When one adds the challenges of increasing levels of academic difficulty and underlying innate deficiencies like anxiety or learning differences, it should be little wonder that more than 30% of American Students don’t make it to sophomore year! That’s crazy. It’s a statistic that shocks me everytime I see it, especially given the amount of resources involved and what is at stake for so many of them. But considering the factors I’ve outlined above, should we really be shocked? (This is also a number that doesn’t account for the pandemic, which will have untold impact on attrition rates and college success numbers.)

Sadly, there is an attitude that seems sown into American ideology that once parents get their kids to 18 and off to college, they are ‘on their own.’ This ‘sink or swim’ attitude could come from our roots of puritanical austerity: that ‘pick yourself up by the bootstraps’ mentality. Unfortunately, while it seems on the surface like a sensible way to build character, the science just does not support this abrupt method as a means for success for an 18 year-old. For one, the prefrontal cortex, or higher function center of the brain that predicts outcomes, among other things, does not fully develop until later in life– mid to late 20s– especially with boys. (So when they think it’s wise to drive a golf cart with seven people standing on it uphill on a 60 degree embankment, that’s why…). For these late-bloomers, the ‘sink or swim method’ is disastrous, as the numbers suggest.

We need to do better than this. This is a perfect storm that can be avoided by placing the right support structures around students matriculating to college and undergoing sixteen major life changes at once, particularly the most vulnerable among them: those with anxiety, depression, learning disabilities, EF function deficiencies, ADHD, and those who are simply reaching in terms of the difficulty of the academics. While some colleges have some limited support structures for tutoring or counseling, it’s frequently not nearly enough. I’ve found that providing a trusted mentor and academic resource to them in a very structured medium can make all the difference. They can go from googling “how to drop out of college” (true story) to pure straight-A’d proliferation with the right type of dedicated support in place. If I could, I would supply it to every college student beginning freshman year in the fall. We would drop attrition rates to virtually zero.

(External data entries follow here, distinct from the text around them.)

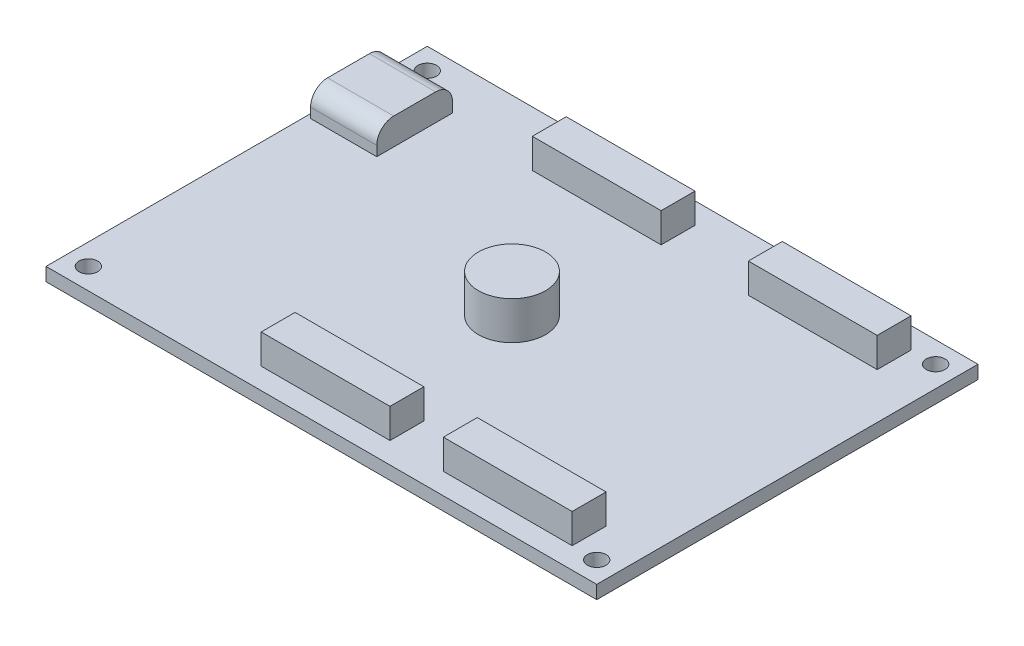
ISO-10303-21;
HEADER;
FILE_DESCRIPTION(('STEP AP214'),'2;1');
FILE_NAME('part.step','',(''),(''),'','','');
FILE_SCHEMA(('AUTOMOTIVE_DESIGN { 1 0 10303 214 1 1 1 1 }'));
ENDSEC;
DATA;
#1=APPLICATION_CONTEXT('core data for automotive mechanical design processes');
#2=APPLICATION_PROTOCOL_DEFINITION('international standard','automotive_design',2000,#1);
#3=PRODUCT_CONTEXT('',#1,'mechanical');
#4=PRODUCT('Part','Part','',(#3));
#5=PRODUCT_RELATED_PRODUCT_CATEGORY('part','',(#4));
#6=PRODUCT_DEFINITION_FORMATION('','',#4);
#7=PRODUCT_DEFINITION_CONTEXT('part definition',#1,'design');
#8=PRODUCT_DEFINITION('design','',#6,#7);
#9=PRODUCT_DEFINITION_SHAPE('','',#8);
#10=(LENGTH_UNIT() NAMED_UNIT(*) SI_UNIT(.MILLI.,.METRE.));
#11=(NAMED_UNIT(*) PLANE_ANGLE_UNIT() SI_UNIT($,.RADIAN.));
#12=(NAMED_UNIT(*) SI_UNIT($,.STERADIAN.) SOLID_ANGLE_UNIT());
#13=UNCERTAINTY_MEASURE_WITH_UNIT(LENGTH_MEASURE(1.E-05),#10,'distance_accuracy_value','');
#14=(GEOMETRIC_REPRESENTATION_CONTEXT(3) GLOBAL_UNCERTAINTY_ASSIGNED_CONTEXT((#13)) GLOBAL_UNIT_ASSIGNED_CONTEXT((#10,
#11,#12)) REPRESENTATION_CONTEXT('',''));
#15=CARTESIAN_POINT('',(0.,0.,0.));
#16=DIRECTION('',(0.,0.,1.));
#17=DIRECTION('',(1.,0.,0.));
#18=AXIS2_PLACEMENT_3D('',#15,#16,#17);
#19=CARTESIAN_POINT('',(0.,0.,0.));
#20=DIRECTION('',(0.,1.,0.));
#21=DIRECTION('',(0.,0.,1.));
#22=AXIS2_PLACEMENT_3D('',#19,#20,#21);
#23=PLANE('',#22);
#24=CARTESIAN_POINT('',(0.,0.,0.));
#25=DIRECTION('',(0.,1.,0.));
#26=DIRECTION('',(0.,0.,1.));
#27=AXIS2_PLACEMENT_3D('',#24,#25,#26);
#28=CIRCLE('',#27,3.96204769980138);
#29=CARTESIAN_POINT('',(0.,0.,3.96204769980138));
#30=VERTEX_POINT('',#29);
#31=EDGE_CURVE('E428',#30,#30,#28,.T.);
#32=ORIENTED_EDGE('',*,*,#31,.F.);
#33=EDGE_LOOP('',(#32));
#34=FACE_BOUND('',#33,.T.);
#35=DIRECTION('',(0.,0.,1.));
#36=VECTOR('',#35,1.);
#37=CARTESIAN_POINT('',(27.1,0.,0.));
#38=LINE('',#37,#36);
#39=CARTESIAN_POINT('',(27.1,0.,16.));
#40=VERTEX_POINT('',#39);
#41=CARTESIAN_POINT('',(27.1,0.,20.));
#42=VERTEX_POINT('',#41);
#43=EDGE_CURVE('E256',#40,#42,#38,.T.);
#44=ORIENTED_EDGE('',*,*,#43,.T.);
#45=DIRECTION('',(1.,0.,0.));
#46=VECTOR('',#45,1.);
#47=CARTESIAN_POINT('',(0.,0.,20.));
#48=LINE('',#47,#46);
#49=CARTESIAN_POINT('',(11.9,0.,20.));
#50=VERTEX_POINT('',#49);
#51=EDGE_CURVE('E261',#50,#42,#48,.T.);
#52=ORIENTED_EDGE('',*,*,#51,.F.);
#53=DIRECTION('',(0.,0.,1.));
#54=VECTOR('',#53,1.);
#55=CARTESIAN_POINT('',(11.9,0.,0.));
#56=LINE('',#55,#54);
#57=CARTESIAN_POINT('',(11.9,0.,16.));
#58=VERTEX_POINT('',#57);
#59=EDGE_CURVE('E274',#58,#50,#56,.T.);
#60=ORIENTED_EDGE('',*,*,#59,.F.);
#61=DIRECTION('',(1.,0.,0.));
#62=VECTOR('',#61,1.);
#63=CARTESIAN_POINT('',(0.,0.,16.));
#64=LINE('',#63,#62);
#65=EDGE_CURVE('E271',#58,#40,#64,.T.);
#66=ORIENTED_EDGE('',*,*,#65,.T.);
#67=EDGE_LOOP('',(#44,#52,#60,#66));
#68=FACE_BOUND('',#67,.T.);
#69=DIRECTION('',(0.,0.,1.));
#70=VECTOR('',#69,1.);
#71=CARTESIAN_POINT('',(27.1,0.,0.));
#72=LINE('',#71,#70);
#73=CARTESIAN_POINT('',(27.1,0.,-20.));
#74=VERTEX_POINT('',#73);
#75=CARTESIAN_POINT('',(27.1,0.,-16.));
#76=VERTEX_POINT('',#75);
#77=EDGE_CURVE('E286',#74,#76,#72,.T.);
#78=ORIENTED_EDGE('',*,*,#77,.T.);
#79=DIRECTION('',(1.,0.,0.));
#80=VECTOR('',#79,1.);
#81=CARTESIAN_POINT('',(0.,0.,-16.));
#82=LINE('',#81,#80);
#83=CARTESIAN_POINT('',(11.9,0.,-16.));
#84=VERTEX_POINT('',#83);
#85=EDGE_CURVE('E291',#84,#76,#82,.T.);
#86=ORIENTED_EDGE('',*,*,#85,.F.);
#87=DIRECTION('',(0.,0.,1.));
#88=VECTOR('',#87,1.);
#89=CARTESIAN_POINT('',(11.9,0.,0.));
#90=LINE('',#89,#88);
#91=CARTESIAN_POINT('',(11.9,0.,-20.));
#92=VERTEX_POINT('',#91);
#93=EDGE_CURVE('E304',#92,#84,#90,.T.);
#94=ORIENTED_EDGE('',*,*,#93,.F.);
#95=DIRECTION('',(1.,0.,0.));
#96=VECTOR('',#95,1.);
#97=CARTESIAN_POINT('',(0.,0.,-20.));
#98=LINE('',#97,#96);
#99=EDGE_CURVE('E301',#92,#74,#98,.T.);
#100=ORIENTED_EDGE('',*,*,#99,.T.);
#101=EDGE_LOOP('',(#78,#86,#94,#100));
#102=FACE_BOUND('',#101,.T.);
#103=DIRECTION('',(0.,0.,1.));
#104=VECTOR('',#103,1.);
#105=CARTESIAN_POINT('',(1.60000000000001,0.,0.));
#106=LINE('',#105,#104);
#107=CARTESIAN_POINT('',(1.60000000000001,0.,-20.));
#108=VERTEX_POINT('',#107);
#109=CARTESIAN_POINT('',(1.60000000000001,0.,-16.));
#110=VERTEX_POINT('',#109);
#111=EDGE_CURVE('E316',#108,#110,#106,.T.);
#112=ORIENTED_EDGE('',*,*,#111,.T.);
#113=DIRECTION('',(1.,0.,0.));
#114=VECTOR('',#113,1.);
#115=CARTESIAN_POINT('',(0.,0.,-16.));
#116=LINE('',#115,#114);
#117=CARTESIAN_POINT('',(-13.6,0.,-16.));
#118=VERTEX_POINT('',#117);
#119=EDGE_CURVE('E321',#118,#110,#116,.T.);
#120=ORIENTED_EDGE('',*,*,#119,.F.);
#121=DIRECTION('',(0.,0.,1.));
#122=VECTOR('',#121,1.);
#123=CARTESIAN_POINT('',(-13.6,0.,0.));
#124=LINE('',#123,#122);
#125=CARTESIAN_POINT('',(-13.6,0.,-20.));
#126=VERTEX_POINT('',#125);
#127=EDGE_CURVE('E334',#126,#118,#124,.T.);
#128=ORIENTED_EDGE('',*,*,#127,.F.);
#129=DIRECTION('',(1.,0.,0.));
#130=VECTOR('',#129,1.);
#131=CARTESIAN_POINT('',(0.,0.,-20.));
#132=LINE('',#131,#130);
#133=EDGE_CURVE('E331',#126,#108,#132,.T.);
#134=ORIENTED_EDGE('',*,*,#133,.T.);
#135=EDGE_LOOP('',(#112,#120,#128,#134));
#136=FACE_BOUND('',#135,.T.);
#137=DIRECTION('',(0.,0.,1.));
#138=VECTOR('',#137,1.);
#139=CARTESIAN_POINT('',(5.6,0.,0.));
#140=LINE('',#139,#138);
#141=CARTESIAN_POINT('',(5.60000000000001,0.,16.));
#142=VERTEX_POINT('',#141);
#143=CARTESIAN_POINT('',(5.60000000000002,0.,20.));
#144=VERTEX_POINT('',#143);
#145=EDGE_CURVE('E346',#142,#144,#140,.T.);
#146=ORIENTED_EDGE('',*,*,#145,.T.);
#147=DIRECTION('',(1.,0.,0.));
#148=VECTOR('',#147,1.);
#149=CARTESIAN_POINT('',(0.,0.,20.));
#150=LINE('',#149,#148);
#151=CARTESIAN_POINT('',(-9.59999999999998,0.,20.0000000000001));
#152=VERTEX_POINT('',#151);
#153=EDGE_CURVE('E351',#152,#144,#150,.T.);
#154=ORIENTED_EDGE('',*,*,#153,.F.);
#155=DIRECTION('',(0.,0.,1.));
#156=VECTOR('',#155,1.);
#157=CARTESIAN_POINT('',(-9.6,0.,0.));
#158=LINE('',#157,#156);
#159=CARTESIAN_POINT('',(-9.59999999999998,0.,16.));
#160=VERTEX_POINT('',#159);
#161=EDGE_CURVE('E365',#160,#152,#158,.T.);
#162=ORIENTED_EDGE('',*,*,#161,.F.);
#163=DIRECTION('',(1.,0.,0.));
#164=VECTOR('',#163,1.);
#165=CARTESIAN_POINT('',(0.,0.,16.));
#166=LINE('',#165,#164);
#167=EDGE_CURVE('E362',#160,#142,#166,.T.);
#168=ORIENTED_EDGE('',*,*,#167,.T.);
#169=EDGE_LOOP('',(#146,#154,#162,#168));
#170=FACE_BOUND('',#169,.T.);
#171=CARTESIAN_POINT('',(30.,0.,20.));
#172=DIRECTION('',(0.,1.,0.));
#173=DIRECTION('',(0.,0.,1.));
#174=AXIS2_PLACEMENT_3D('',#171,#172,#173);
#175=CIRCLE('',#174,1.1);
#176=CARTESIAN_POINT('',(30.,0.,21.1));
#177=VERTEX_POINT('',#176);
#178=EDGE_CURVE('E378',#177,#177,#175,.T.);
#179=ORIENTED_EDGE('',*,*,#178,.F.);
#180=EDGE_LOOP('',(#179));
#181=FACE_BOUND('',#180,.T.);
#182=CARTESIAN_POINT('',(30.,0.,-20.));
#183=DIRECTION('',(0.,1.,0.));
#184=DIRECTION('',(0.,0.,1.));
#185=AXIS2_PLACEMENT_3D('',#182,#183,#184);
#186=CIRCLE('',#185,1.1);
#187=CARTESIAN_POINT('',(30.,0.,-18.9));
#188=VERTEX_POINT('',#187);
#189=EDGE_CURVE('E406',#188,#188,#186,.T.);
#190=ORIENTED_EDGE('',*,*,#189,.F.);
#191=EDGE_LOOP('',(#190));
#192=FACE_BOUND('',#191,.T.);
#193=CARTESIAN_POINT('',(-30.,0.,-20.));
#194=DIRECTION('',(0.,1.,0.));
#195=DIRECTION('',(0.,0.,1.));
#196=AXIS2_PLACEMENT_3D('',#193,#194,#195);
#197=CIRCLE('',#196,1.1);
#198=CARTESIAN_POINT('',(-30.,0.,-18.9));
#199=VERTEX_POINT('',#198);
#200=EDGE_CURVE('E409',#199,#199,#197,.T.);
#201=ORIENTED_EDGE('',*,*,#200,.F.);
#202=EDGE_LOOP('',(#201));
#203=FACE_BOUND('',#202,.T.);
#204=CARTESIAN_POINT('',(-30.,0.,20.));
#205=DIRECTION('',(0.,1.,0.));
#206=DIRECTION('',(0.,0.,1.));
#207=AXIS2_PLACEMENT_3D('',#204,#205,#206);
#208=CIRCLE('',#207,1.1);
#209=CARTESIAN_POINT('',(-30.,0.,21.1));
#210=VERTEX_POINT('',#209);
#211=EDGE_CURVE('E412',#210,#210,#208,.T.);
#212=ORIENTED_EDGE('',*,*,#211,.F.);
#213=EDGE_LOOP('',(#212));
#214=FACE_BOUND('',#213,.T.);
#215=DIRECTION('',(0.,0.,-1.));
#216=VECTOR('',#215,1.);
#217=CARTESIAN_POINT('',(-32.5,0.,0.));
#218=LINE('',#217,#216);
#219=CARTESIAN_POINT('',(-32.5,0.,22.5));
#220=VERTEX_POINT('',#219);
#221=CARTESIAN_POINT('',(-32.5,0.,-22.5));
#222=VERTEX_POINT('',#221);
#223=EDGE_CURVE('E415',#220,#222,#218,.T.);
#224=ORIENTED_EDGE('',*,*,#223,.F.);
#225=DIRECTION('',(-1.,0.,0.));
#226=VECTOR('',#225,1.);
#227=CARTESIAN_POINT('',(0.,0.,22.5));
#228=LINE('',#227,#226);
#229=CARTESIAN_POINT('',(32.5,0.,22.5));
#230=VERTEX_POINT('',#229);
#231=EDGE_CURVE('E418',#230,#220,#228,.T.);
#232=ORIENTED_EDGE('',*,*,#231,.F.);
#233=DIRECTION('',(0.,0.,-1.));
#234=VECTOR('',#233,1.);
#235=CARTESIAN_POINT('',(32.5,0.,0.));
#236=LINE('',#235,#234);
#237=CARTESIAN_POINT('',(32.5,0.,-22.5));
#238=VERTEX_POINT('',#237);
#239=EDGE_CURVE('E421',#230,#238,#236,.T.);
#240=ORIENTED_EDGE('',*,*,#239,.T.);
#241=DIRECTION('',(-1.,0.,0.));
#242=VECTOR('',#241,1.);
#243=CARTESIAN_POINT('',(0.,0.,-22.5));
#244=LINE('',#243,#242);
#245=EDGE_CURVE('E383',#238,#222,#244,.T.);
#246=ORIENTED_EDGE('',*,*,#245,.T.);
#247=EDGE_LOOP('',(#224,#232,#240,#246));
#248=FACE_BOUND('',#247,.T.);
#249=DIRECTION('',(1.,0.,0.));
#250=VECTOR('',#249,1.);
#251=CARTESIAN_POINT('',(-32.,0.,-8.23000129));
#252=LINE('',#251,#250);
#253=CARTESIAN_POINT('',(-32.,0.,-8.23000129));
#254=VERTEX_POINT('',#253);
#255=CARTESIAN_POINT('',(-24.19,0.,-8.23000129));
#256=VERTEX_POINT('',#255);
#257=EDGE_CURVE('E217',#254,#256,#252,.T.);
#258=ORIENTED_EDGE('',*,*,#257,.F.);
#259=DIRECTION('',(0.,0.,1.));
#260=VECTOR('',#259,1.);
#261=CARTESIAN_POINT('',(-32.,0.,-17.17000129));
#262=LINE('',#261,#260);
#263=CARTESIAN_POINT('',(-32.,0.,-17.17000129));
#264=VERTEX_POINT('',#263);
#265=EDGE_CURVE('E226',#264,#254,#262,.T.);
#266=ORIENTED_EDGE('',*,*,#265,.F.);
#267=DIRECTION('',(-1.,0.,0.));
#268=VECTOR('',#267,1.);
#269=CARTESIAN_POINT('',(-32.,0.,-17.17000129));
#270=LINE('',#269,#268);
#271=CARTESIAN_POINT('',(-24.19,0.,-17.17000129));
#272=VERTEX_POINT('',#271);
#273=EDGE_CURVE('E237',#272,#264,#270,.T.);
#274=ORIENTED_EDGE('',*,*,#273,.F.);
#275=DIRECTION('',(0.,0.,-1.));
#276=VECTOR('',#275,1.);
#277=CARTESIAN_POINT('',(-24.19,0.,-17.17000129));
#278=LINE('',#277,#276);
#279=EDGE_CURVE('E235',#256,#272,#278,.T.);
#280=ORIENTED_EDGE('',*,*,#279,.F.);
#281=EDGE_LOOP('',(#258,#266,#274,#280));
#282=FACE_BOUND('',#281,.T.);
#283=ADVANCED_FACE('F40',(#34,#68,#102,#136,#170,#181,#192,#203,#214,#248,#282),#23,.T.);
#284=CARTESIAN_POINT('',(-32.5,-1.57,0.));
#285=DIRECTION('',(1.,0.,0.));
#286=DIRECTION('',(0.,0.,-1.));
#287=AXIS2_PLACEMENT_3D('',#284,#285,#286);
#288=PLANE('',#287);
#289=ORIENTED_EDGE('',*,*,#223,.T.);
#290=DIRECTION('',(0.,1.,0.));
#291=VECTOR('',#290,1.);
#292=CARTESIAN_POINT('',(-32.5,-1.57,-22.5));
#293=LINE('',#292,#291);
#294=CARTESIAN_POINT('',(-32.5,-1.57,-22.5));
#295=VERTEX_POINT('',#294);
#296=EDGE_CURVE('E426',#295,#222,#293,.T.);
#297=ORIENTED_EDGE('',*,*,#296,.F.);
#298=DIRECTION('',(0.,0.,-1.));
#299=VECTOR('',#298,1.);
#300=CARTESIAN_POINT('',(-32.5,-1.57,0.));
#301=LINE('',#300,#299);
#302=CARTESIAN_POINT('',(-32.5,-1.57,22.5));
#303=VERTEX_POINT('',#302);
#304=EDGE_CURVE('E392',#303,#295,#301,.T.);
#305=ORIENTED_EDGE('',*,*,#304,.F.);
#306=DIRECTION('',(0.,1.,0.));
#307=VECTOR('',#306,1.);
#308=CARTESIAN_POINT('',(-32.5,-1.57,22.5));
#309=LINE('',#308,#307);
#310=EDGE_CURVE('E403',#303,#220,#309,.T.);
#311=ORIENTED_EDGE('',*,*,#310,.T.);
#312=EDGE_LOOP('',(#289,#297,#305,#311));
#313=FACE_BOUND('',#312,.T.);
#314=ADVANCED_FACE('F466',(#313),#288,.F.);
#315=CARTESIAN_POINT('',(0.,-1.57,-22.5));
#316=DIRECTION('',(0.,0.,-1.));
#317=DIRECTION('',(-1.,0.,0.));
#318=AXIS2_PLACEMENT_3D('',#315,#316,#317);
#319=PLANE('',#318);
#320=ORIENTED_EDGE('',*,*,#245,.F.);
#321=DIRECTION('',(0.,1.,0.));
#322=VECTOR('',#321,1.);
#323=CARTESIAN_POINT('',(32.5,-1.57,-22.5));
#324=LINE('',#323,#322);
#325=CARTESIAN_POINT('',(32.5,-1.57,-22.5));
#326=VERTEX_POINT('',#325);
#327=EDGE_CURVE('E429',#326,#238,#324,.T.);
#328=ORIENTED_EDGE('',*,*,#327,.F.);
#329=DIRECTION('',(-1.,0.,0.));
#330=VECTOR('',#329,1.);
#331=CARTESIAN_POINT('',(0.,-1.57,-22.5));
#332=LINE('',#331,#330);
#333=EDGE_CURVE('E400',#326,#295,#332,.T.);
#334=ORIENTED_EDGE('',*,*,#333,.T.);
#335=ORIENTED_EDGE('',*,*,#296,.T.);
#336=EDGE_LOOP('',(#320,#328,#334,#335));
#337=FACE_BOUND('',#336,.T.);
#338=ADVANCED_FACE('F472',(#337),#319,.T.);
#339=CARTESIAN_POINT('',(32.5,-1.57,0.));
#340=DIRECTION('',(1.,0.,0.));
#341=DIRECTION('',(0.,0.,-1.));
#342=AXIS2_PLACEMENT_3D('',#339,#340,#341);
#343=PLANE('',#342);
#344=ORIENTED_EDGE('',*,*,#239,.F.);
#345=DIRECTION('',(0.,1.,0.));
#346=VECTOR('',#345,1.);
#347=CARTESIAN_POINT('',(32.5,-1.57,22.5));
#348=LINE('',#347,#346);
#349=CARTESIAN_POINT('',(32.5,-1.57,22.5));
#350=VERTEX_POINT('',#349);
#351=EDGE_CURVE('E431',#350,#230,#348,.T.);
#352=ORIENTED_EDGE('',*,*,#351,.F.);
#353=DIRECTION('',(0.,0.,-1.));
#354=VECTOR('',#353,1.);
#355=CARTESIAN_POINT('',(32.5,-1.57,0.));
#356=LINE('',#355,#354);
#357=EDGE_CURVE('E397',#350,#326,#356,.T.);
#358=ORIENTED_EDGE('',*,*,#357,.T.);
#359=ORIENTED_EDGE('',*,*,#327,.T.);
#360=EDGE_LOOP('',(#344,#352,#358,#359));
#361=FACE_BOUND('',#360,.T.);
#362=ADVANCED_FACE('F483',(#361),#343,.T.);
#363=CARTESIAN_POINT('',(-30.,-1.57,20.));
#364=DIRECTION('',(0.,1.,0.));
#365=DIRECTION('',(0.,0.,1.));
#366=AXIS2_PLACEMENT_3D('',#363,#364,#365);
#367=CYLINDRICAL_SURFACE('',#366,1.1);
#368=CARTESIAN_POINT('',(-30.,-1.57,20.));
#369=DIRECTION('',(0.,1.,0.));
#370=DIRECTION('',(0.,0.,1.));
#371=AXIS2_PLACEMENT_3D('',#368,#369,#370);
#372=CIRCLE('',#371,1.1);
#373=CARTESIAN_POINT('',(-30.,-1.57,21.1));
#374=VERTEX_POINT('',#373);
#375=EDGE_CURVE('E389',#374,#374,#372,.T.);
#376=ORIENTED_EDGE('',*,*,#375,.F.);
#377=EDGE_LOOP('',(#376));
#378=FACE_BOUND('',#377,.T.);
#379=ORIENTED_EDGE('',*,*,#211,.T.);
#380=EDGE_LOOP('',(#379));
#381=FACE_BOUND('',#380,.T.);
#382=ADVANCED_FACE('F487',(#378,#381),#367,.F.);
#383=CARTESIAN_POINT('',(-30.,-1.57,-20.));
#384=DIRECTION('',(0.,1.,0.));
#385=DIRECTION('',(0.,0.,1.));
#386=AXIS2_PLACEMENT_3D('',#383,#384,#385);
#387=CYLINDRICAL_SURFACE('',#386,1.1);
#388=CARTESIAN_POINT('',(-30.,-1.57,-20.));
#389=DIRECTION('',(0.,1.,0.));
#390=DIRECTION('',(0.,0.,1.));
#391=AXIS2_PLACEMENT_3D('',#388,#389,#390);
#392=CIRCLE('',#391,1.1);
#393=CARTESIAN_POINT('',(-30.,-1.57,-18.9));
#394=VERTEX_POINT('',#393);
#395=EDGE_CURVE('E386',#394,#394,#392,.T.);
#396=ORIENTED_EDGE('',*,*,#395,.F.);
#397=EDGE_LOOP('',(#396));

When I got to college for my first fall, I was more focused on the “extra-curricular experience” that came with the freedom of being away from home. I labored through the academics with last minute efforts, coasting on the head start I had achieved in high school. I hit a few rough patches, but somehow miraculously made it through, though hardly unscathed. But one girl I knew that lived down the hall got really sad for no apparent reason and dropped out. Another boy next door did too much acid, had a seizure and had to drop out from the after-effects. A third, whom I was supposed to room with the following year failed out. One girl I knew was even murdered under some questionable circumstances during our freshman year. These were all kids whose parents sent with the best intentions, provided with little support and asked to make it. I just can’t help thinking as I remember them that there is a better way.